Items listed in a dataset:
----

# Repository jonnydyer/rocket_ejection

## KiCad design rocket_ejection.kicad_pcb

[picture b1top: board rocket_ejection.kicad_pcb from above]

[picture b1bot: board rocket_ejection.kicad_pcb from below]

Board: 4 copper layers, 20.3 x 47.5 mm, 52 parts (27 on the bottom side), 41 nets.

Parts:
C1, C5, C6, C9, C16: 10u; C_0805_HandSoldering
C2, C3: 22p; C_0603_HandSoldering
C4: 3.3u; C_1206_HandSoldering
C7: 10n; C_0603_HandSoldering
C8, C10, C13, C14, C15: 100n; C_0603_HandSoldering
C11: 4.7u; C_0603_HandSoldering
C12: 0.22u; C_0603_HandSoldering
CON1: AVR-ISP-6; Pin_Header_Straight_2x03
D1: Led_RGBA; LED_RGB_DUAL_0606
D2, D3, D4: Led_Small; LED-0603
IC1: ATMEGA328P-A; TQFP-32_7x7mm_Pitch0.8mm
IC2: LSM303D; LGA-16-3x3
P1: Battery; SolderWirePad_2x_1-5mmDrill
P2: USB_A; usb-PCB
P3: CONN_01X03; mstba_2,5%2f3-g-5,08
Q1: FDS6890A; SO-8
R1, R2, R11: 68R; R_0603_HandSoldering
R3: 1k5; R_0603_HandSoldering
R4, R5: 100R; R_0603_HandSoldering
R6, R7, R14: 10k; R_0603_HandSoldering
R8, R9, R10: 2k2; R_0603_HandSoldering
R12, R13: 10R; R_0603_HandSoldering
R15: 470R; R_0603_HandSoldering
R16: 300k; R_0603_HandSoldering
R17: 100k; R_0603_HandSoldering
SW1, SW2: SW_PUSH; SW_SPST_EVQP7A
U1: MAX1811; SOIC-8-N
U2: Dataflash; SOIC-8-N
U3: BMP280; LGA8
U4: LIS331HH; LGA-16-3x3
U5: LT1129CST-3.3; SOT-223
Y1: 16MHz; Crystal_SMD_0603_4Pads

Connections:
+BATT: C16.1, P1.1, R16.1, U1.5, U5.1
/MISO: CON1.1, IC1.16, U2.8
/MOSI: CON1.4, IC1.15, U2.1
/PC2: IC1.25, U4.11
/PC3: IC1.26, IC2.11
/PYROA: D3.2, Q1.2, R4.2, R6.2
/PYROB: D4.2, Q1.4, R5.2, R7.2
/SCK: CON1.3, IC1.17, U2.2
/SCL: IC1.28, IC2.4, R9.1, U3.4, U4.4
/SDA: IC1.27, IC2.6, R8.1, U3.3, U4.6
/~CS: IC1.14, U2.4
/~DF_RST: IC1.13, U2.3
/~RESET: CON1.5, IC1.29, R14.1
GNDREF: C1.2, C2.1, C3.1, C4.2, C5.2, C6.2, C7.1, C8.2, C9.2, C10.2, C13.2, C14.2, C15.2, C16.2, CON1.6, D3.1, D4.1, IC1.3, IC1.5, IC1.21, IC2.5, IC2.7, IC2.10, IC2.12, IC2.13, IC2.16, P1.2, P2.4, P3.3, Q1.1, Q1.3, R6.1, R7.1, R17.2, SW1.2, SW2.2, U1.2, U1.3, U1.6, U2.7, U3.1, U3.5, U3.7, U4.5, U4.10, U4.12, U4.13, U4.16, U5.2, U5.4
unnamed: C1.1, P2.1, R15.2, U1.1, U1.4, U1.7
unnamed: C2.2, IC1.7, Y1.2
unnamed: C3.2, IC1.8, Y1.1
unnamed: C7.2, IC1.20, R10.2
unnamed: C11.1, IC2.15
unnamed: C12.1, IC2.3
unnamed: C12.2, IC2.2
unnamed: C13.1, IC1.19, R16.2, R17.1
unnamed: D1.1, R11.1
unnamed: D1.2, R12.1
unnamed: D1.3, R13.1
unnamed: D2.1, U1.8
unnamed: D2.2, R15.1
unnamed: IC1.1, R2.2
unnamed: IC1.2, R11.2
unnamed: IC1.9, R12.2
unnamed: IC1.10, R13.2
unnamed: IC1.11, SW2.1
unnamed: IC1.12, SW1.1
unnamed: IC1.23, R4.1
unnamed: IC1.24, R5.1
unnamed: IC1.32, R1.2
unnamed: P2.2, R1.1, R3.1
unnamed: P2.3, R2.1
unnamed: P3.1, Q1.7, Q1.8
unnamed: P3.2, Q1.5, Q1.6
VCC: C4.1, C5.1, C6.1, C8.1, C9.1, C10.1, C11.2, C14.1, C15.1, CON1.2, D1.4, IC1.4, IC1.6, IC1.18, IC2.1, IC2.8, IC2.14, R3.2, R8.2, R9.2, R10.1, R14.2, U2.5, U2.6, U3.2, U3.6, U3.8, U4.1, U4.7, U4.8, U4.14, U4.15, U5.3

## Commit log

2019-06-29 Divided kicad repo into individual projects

----

**Prompt:**
The full data, transcribed without change, is the expected answer.

**Output below:**
# Repository jonnydyer/rocket_ejection

## KiCad design rocket_ejection.kicad_pcb

[picture b1top: board rocket_ejection.kicad_pcb from above]

[picture b1bot: board rocket_ejection.kicad_pcb from below]

Board: 4 copper layers, 20.3 x 47.5 mm, 52 parts (27 on the bottom side), 41 nets.

Parts:
C1, C5, C6, C9, C16: 10u; C_0805_HandSoldering
C2, C3: 22p; C_0603_HandSoldering
C4: 3.3u; C_1206_HandSoldering
C7: 10n; C_0603_HandSoldering
C8, C10, C13, C14, C15: 100n; C_0603_HandSoldering
C11: 4.7u; C_0603_HandSoldering
C12: 0.22u; C_0603_HandSoldering
CON1: AVR-ISP-6; Pin_Header_Straight_2x03
D1: Led_RGBA; LED_RGB_DUAL_0606
D2, D3, D4: Led_Small; LED-0603
IC1: ATMEGA328P-A; TQFP-32_7x7mm_Pitch0.8mm
IC2: LSM303D; LGA-16-3x3
P1: Battery; SolderWirePad_2x_1-5mmDrill
P2: USB_A; usb-PCB
P3: CONN_01X03; mstba_2,5%2f3-g-5,08
Q1: FDS6890A; SO-8
R1, R2, R11: 68R; R_0603_HandSoldering
R3: 1k5; R_0603_HandSoldering
R4, R5: 100R; R_0603_HandSoldering
R6, R7, R14: 10k; R_0603_HandSoldering
R8, R9, R10: 2k2; R_0603_HandSoldering
R12, R13: 10R; R_0603_HandSoldering
R15: 470R; R_0603_HandSoldering
R16: 300k; R_0603_HandSoldering
R17: 100k; R_0603_HandSoldering
SW1, SW2: SW_PUSH; SW_SPST_EVQP7A
U1: MAX1811; SOIC-8-N
U2: Dataflash; SOIC-8-N
U3: BMP280; LGA8
U4: LIS331HH; LGA-16-3x3
U5: LT1129CST-3.3; SOT-223
Y1: 16MHz; Crystal_SMD_0603_4Pads

Connections:
+BATT: C16.1, P1.1, R16.1, U1.5, U5.1
/MISO: CON1.1, IC1.16, U2.8
/MOSI: CON1.4, IC1.15, U2.1
/PC2: IC1.25, U4.11
/PC3: IC1.26, IC2.11
/PYROA: D3.2, Q1.2, R4.2, R6.2
/PYROB: D4.2, Q1.4, R5.2, R7.2
/SCK: CON1.3, IC1.17, U2.2
/SCL: IC1.28, IC2.4, R9.1, U3.4, U4.4
/SDA: IC1.27, IC2.6, R8.1, U3.3, U4.6
/~CS: IC1.14, U2.4
/~DF_RST: IC1.13, U2.3
/~RESET: CON1.5, IC1.29, R14.1
GNDREF: C1.2, C2.1, C3.1, C4.2, C5.2, C6.2, C7.1, C8.2, C9.2, C10.2, C13.2, C14.2, C15.2, C16.2, CON1.6, D3.1, D4.1, IC1.3, IC1.5, IC1.21, IC2.5, IC2.7, IC2.10, IC2.12, IC2.13, IC2.16, P1.2, P2.4, P3.3, Q1.1, Q1.3, R6.1, R7.1, R17.2, SW1.2, SW2.2, U1.2, U1.3, U1.6, U2.7, U3.1, U3.5, U3.7, U4.5, U4.10, U4.12, U4.13, U4.16, U5.2, U5.4
unnamed: C1.1, P2.1, R15.2, U1.1, U1.4, U1.7
unnamed: C2.2, IC1.7, Y1.2
unnamed: C3.2, IC1.8, Y1.1
unnamed: C7.2, IC1.20, R10.2
unnamed: C11.1, IC2.15
unnamed: C12.1, IC2.3
unnamed: C12.2, IC2.2
unnamed: C13.1, IC1.19, R16.2, R17.1
unnamed: D1.1, R11.1
unnamed: D1.2, R12.1
unnamed: D1.3, R13.1
unnamed: D2.1, U1.8
unnamed: D2.2, R15.1
unnamed: IC1.1, R2.2
unnamed: IC1.2, R11.2
unnamed: IC1.9, R12.2
unnamed: IC1.10, R13.2
unnamed: IC1.11, SW2.1
unnamed: IC1.12, SW1.1
unnamed: IC1.23, R4.1
unnamed: IC1.24, R5.1
unnamed: IC1.32, R1.2
unnamed: P2.2, R1.1, R3.1
unnamed: P2.3, R2.1
unnamed: P3.1, Q1.7, Q1.8
unnamed: P3.2, Q1.5, Q1.6
VCC: C4.1, C5.1, C6.1, C8.1, C9.1, C10.1, C11.2, C14.1, C15.1, CON1.2, D1.4, IC1.4, IC1.6, IC1.18, IC2.1, IC2.8, IC2.14, R3.2, R8.2, R9.2, R10.1, R14.2, U2.5, U2.6, U3.2, U3.6, U3.8, U4.1, U4.7, U4.8, U4.14, U4.15, U5.3

## Commit log

2019-06-29 Divided kicad repo into individual projects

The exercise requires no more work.